++++ Material provided ++++

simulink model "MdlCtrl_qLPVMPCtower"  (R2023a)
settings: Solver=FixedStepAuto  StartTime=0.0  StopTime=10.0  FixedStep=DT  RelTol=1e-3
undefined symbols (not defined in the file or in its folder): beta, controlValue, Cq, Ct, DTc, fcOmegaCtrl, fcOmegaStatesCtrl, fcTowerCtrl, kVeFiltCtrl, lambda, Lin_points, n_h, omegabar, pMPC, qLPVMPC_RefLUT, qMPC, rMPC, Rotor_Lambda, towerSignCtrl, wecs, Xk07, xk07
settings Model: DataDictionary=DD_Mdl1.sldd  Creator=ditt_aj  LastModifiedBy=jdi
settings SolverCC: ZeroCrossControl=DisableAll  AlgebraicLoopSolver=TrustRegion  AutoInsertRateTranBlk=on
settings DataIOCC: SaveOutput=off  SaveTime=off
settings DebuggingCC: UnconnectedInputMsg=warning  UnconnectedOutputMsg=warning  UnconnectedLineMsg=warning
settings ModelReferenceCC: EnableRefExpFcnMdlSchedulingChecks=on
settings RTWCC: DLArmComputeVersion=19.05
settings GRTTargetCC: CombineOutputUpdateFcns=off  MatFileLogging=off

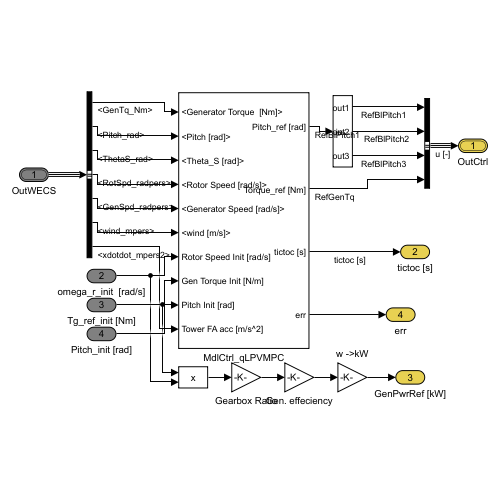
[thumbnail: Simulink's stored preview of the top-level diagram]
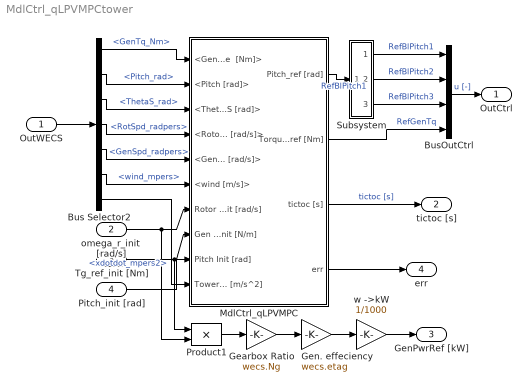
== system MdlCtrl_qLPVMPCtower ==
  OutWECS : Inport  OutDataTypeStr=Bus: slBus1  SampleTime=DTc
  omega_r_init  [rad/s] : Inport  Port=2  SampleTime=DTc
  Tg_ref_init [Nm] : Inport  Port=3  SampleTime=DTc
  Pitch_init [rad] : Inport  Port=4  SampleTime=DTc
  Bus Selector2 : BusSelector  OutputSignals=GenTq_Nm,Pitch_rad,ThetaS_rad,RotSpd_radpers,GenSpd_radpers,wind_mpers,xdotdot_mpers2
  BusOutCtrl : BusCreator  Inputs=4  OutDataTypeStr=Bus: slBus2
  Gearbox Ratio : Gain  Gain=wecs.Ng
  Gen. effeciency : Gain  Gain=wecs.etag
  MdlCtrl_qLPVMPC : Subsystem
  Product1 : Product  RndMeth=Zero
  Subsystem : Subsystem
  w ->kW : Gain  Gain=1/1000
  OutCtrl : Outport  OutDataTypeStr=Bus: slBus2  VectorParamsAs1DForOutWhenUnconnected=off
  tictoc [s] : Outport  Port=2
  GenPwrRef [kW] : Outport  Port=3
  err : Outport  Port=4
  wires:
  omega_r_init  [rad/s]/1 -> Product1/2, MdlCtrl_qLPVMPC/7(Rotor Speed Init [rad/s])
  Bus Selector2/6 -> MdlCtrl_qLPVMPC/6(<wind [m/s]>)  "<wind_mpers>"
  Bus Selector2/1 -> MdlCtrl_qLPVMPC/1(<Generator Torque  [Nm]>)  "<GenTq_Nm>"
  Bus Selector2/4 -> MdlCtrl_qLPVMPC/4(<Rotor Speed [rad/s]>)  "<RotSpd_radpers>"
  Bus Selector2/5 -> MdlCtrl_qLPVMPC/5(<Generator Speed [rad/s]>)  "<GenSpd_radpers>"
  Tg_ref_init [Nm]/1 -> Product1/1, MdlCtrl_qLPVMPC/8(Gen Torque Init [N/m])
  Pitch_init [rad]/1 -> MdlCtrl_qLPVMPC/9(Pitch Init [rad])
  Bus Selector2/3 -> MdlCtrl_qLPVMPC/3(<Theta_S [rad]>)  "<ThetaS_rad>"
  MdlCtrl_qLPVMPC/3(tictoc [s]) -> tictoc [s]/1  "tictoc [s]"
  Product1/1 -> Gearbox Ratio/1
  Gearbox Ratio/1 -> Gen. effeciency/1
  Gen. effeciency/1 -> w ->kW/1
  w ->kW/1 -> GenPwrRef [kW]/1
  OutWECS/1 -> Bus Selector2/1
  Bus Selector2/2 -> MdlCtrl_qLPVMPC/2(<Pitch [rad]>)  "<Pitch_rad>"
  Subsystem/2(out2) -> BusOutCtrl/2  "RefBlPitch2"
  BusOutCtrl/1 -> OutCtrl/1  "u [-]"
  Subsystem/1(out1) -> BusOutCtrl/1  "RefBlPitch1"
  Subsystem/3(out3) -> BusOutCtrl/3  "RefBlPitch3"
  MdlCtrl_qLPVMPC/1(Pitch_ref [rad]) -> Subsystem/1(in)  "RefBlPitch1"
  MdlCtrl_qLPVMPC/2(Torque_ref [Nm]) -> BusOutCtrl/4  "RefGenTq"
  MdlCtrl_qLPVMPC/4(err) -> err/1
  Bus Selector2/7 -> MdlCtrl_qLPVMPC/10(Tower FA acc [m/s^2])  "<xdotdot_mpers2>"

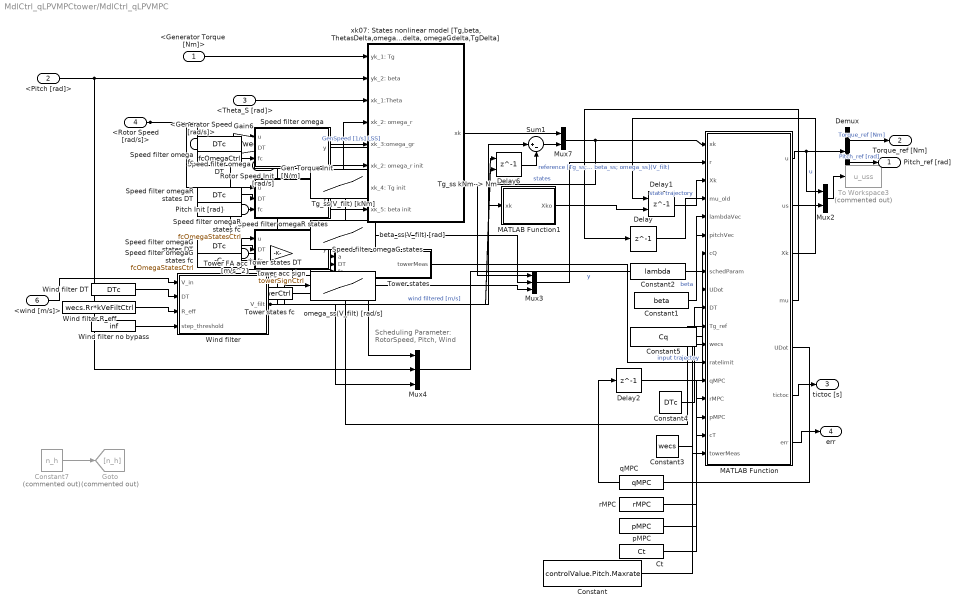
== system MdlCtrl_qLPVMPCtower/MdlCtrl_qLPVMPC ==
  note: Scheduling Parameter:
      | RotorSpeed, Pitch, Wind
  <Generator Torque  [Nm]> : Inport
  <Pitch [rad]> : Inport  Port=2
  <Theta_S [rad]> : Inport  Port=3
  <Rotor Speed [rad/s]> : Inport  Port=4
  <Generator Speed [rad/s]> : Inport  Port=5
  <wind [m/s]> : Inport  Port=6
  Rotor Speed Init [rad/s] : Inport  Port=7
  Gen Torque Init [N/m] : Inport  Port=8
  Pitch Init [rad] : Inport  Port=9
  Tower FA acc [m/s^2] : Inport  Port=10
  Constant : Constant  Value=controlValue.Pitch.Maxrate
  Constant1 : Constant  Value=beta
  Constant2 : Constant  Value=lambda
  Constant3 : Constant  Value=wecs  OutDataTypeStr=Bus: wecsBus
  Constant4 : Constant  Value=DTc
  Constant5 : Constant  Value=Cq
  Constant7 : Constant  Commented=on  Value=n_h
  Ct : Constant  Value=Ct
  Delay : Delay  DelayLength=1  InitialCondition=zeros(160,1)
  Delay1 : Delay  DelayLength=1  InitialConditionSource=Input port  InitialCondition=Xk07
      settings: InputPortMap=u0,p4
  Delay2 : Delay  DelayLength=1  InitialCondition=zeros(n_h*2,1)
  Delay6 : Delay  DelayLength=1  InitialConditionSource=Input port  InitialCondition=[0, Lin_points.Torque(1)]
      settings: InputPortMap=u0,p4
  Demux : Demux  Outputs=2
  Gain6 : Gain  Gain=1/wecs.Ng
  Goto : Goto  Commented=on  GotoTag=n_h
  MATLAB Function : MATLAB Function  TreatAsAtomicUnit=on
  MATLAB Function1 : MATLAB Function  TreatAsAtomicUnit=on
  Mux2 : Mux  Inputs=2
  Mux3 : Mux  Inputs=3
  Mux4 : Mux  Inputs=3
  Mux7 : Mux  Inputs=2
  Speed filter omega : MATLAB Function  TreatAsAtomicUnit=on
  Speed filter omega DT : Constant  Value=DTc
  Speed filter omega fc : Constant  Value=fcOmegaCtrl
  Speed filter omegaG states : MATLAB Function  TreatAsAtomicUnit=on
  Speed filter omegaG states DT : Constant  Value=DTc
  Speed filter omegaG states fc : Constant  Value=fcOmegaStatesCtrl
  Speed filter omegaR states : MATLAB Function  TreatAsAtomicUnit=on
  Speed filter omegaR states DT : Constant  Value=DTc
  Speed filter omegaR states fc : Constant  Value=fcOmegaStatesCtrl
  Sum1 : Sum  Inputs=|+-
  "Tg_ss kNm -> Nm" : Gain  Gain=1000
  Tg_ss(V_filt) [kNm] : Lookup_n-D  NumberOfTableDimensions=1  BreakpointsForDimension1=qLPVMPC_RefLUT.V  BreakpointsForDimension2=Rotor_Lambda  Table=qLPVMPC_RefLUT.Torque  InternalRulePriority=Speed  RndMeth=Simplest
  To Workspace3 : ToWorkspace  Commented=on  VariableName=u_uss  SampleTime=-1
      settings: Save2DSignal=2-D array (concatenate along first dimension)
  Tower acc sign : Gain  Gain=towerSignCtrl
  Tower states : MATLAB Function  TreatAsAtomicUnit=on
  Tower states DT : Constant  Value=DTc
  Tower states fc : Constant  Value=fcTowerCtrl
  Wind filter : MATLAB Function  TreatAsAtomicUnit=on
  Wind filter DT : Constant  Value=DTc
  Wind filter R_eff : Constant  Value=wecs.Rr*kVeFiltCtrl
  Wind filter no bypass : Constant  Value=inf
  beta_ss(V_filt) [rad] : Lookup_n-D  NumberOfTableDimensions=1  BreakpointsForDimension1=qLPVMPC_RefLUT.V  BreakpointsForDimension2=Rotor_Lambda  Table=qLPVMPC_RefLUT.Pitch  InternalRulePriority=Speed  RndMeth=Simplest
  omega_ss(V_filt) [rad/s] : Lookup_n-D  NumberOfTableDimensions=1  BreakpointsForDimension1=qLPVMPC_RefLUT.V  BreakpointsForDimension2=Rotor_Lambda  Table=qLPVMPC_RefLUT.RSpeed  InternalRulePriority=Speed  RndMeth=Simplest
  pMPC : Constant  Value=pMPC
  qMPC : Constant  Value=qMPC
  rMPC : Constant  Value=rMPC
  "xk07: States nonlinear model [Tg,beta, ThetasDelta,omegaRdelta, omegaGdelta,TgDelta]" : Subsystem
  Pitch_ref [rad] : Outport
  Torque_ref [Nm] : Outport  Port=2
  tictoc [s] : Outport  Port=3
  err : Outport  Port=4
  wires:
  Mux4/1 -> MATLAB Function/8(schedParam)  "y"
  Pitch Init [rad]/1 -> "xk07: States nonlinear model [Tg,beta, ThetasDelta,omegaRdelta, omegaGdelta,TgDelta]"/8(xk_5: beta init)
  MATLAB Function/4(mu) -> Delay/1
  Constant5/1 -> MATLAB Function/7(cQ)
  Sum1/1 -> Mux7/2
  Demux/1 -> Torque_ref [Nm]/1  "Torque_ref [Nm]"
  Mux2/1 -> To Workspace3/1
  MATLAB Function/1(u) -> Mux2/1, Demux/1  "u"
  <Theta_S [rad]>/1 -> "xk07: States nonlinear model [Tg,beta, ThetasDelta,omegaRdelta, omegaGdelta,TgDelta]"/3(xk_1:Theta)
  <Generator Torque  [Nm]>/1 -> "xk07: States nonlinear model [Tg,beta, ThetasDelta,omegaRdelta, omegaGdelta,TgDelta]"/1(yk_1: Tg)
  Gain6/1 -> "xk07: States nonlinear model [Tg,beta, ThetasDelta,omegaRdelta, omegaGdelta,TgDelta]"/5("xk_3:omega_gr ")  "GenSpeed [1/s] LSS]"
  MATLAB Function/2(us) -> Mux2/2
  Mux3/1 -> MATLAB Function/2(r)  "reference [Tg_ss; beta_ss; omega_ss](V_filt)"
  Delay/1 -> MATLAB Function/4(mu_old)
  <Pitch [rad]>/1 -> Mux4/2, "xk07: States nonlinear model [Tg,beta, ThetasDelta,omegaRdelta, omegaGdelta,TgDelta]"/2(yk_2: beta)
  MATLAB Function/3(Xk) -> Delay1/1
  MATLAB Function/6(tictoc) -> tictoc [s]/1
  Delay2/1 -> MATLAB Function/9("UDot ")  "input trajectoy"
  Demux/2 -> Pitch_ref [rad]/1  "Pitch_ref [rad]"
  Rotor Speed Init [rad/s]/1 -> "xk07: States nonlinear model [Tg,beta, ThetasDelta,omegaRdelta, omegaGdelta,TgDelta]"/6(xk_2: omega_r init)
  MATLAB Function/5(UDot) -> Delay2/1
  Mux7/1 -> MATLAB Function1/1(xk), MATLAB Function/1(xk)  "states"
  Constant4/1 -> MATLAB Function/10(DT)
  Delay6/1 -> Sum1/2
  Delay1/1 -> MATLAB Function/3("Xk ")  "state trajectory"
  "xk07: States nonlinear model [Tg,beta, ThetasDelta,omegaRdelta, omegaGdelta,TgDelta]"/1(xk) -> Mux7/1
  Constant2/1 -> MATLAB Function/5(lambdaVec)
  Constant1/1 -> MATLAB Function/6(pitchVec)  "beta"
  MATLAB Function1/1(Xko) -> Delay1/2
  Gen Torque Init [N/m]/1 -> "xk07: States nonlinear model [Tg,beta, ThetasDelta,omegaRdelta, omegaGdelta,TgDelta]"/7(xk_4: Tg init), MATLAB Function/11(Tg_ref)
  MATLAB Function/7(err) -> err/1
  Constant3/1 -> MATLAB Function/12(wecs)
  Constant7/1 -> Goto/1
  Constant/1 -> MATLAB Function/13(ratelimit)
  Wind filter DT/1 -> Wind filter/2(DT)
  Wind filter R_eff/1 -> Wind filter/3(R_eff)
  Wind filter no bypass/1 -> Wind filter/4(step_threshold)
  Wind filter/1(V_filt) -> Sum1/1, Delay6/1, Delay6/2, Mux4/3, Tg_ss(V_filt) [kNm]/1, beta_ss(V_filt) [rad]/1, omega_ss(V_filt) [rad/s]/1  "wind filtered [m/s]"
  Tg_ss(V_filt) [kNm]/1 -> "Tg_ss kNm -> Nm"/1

++++

* Problem to solve
Among the lines above, the one with "MdlCtrl_qLPVMPC/2(Torque_ref [Nm]) ->" opens the part to repeat and the one with "<Rotor Speed [rad/s]> : Inport" closes it; repeat only that part exactly, with no pictures.

* Exercise response
  MdlCtrl_qLPVMPC/2(Torque_ref [Nm]) -> BusOutCtrl/4  "RefGenTq"
  MdlCtrl_qLPVMPC/4(err) -> err/1
  Bus Selector2/7 -> MdlCtrl_qLPVMPC/10(Tower FA acc [m/s^2])  "<xdotdot_mpers2>"

== system MdlCtrl_qLPVMPCtower/MdlCtrl_qLPVMPC ==
  note: Scheduling Parameter:
      | RotorSpeed, Pitch, Wind
  <Generator Torque  [Nm]> : Inport
  <Pitch [rad]> : Inport  Port=2
  <Theta_S [rad]> : Inport  Port=3
  <Rotor Speed [rad/s]> : Inport  Port=4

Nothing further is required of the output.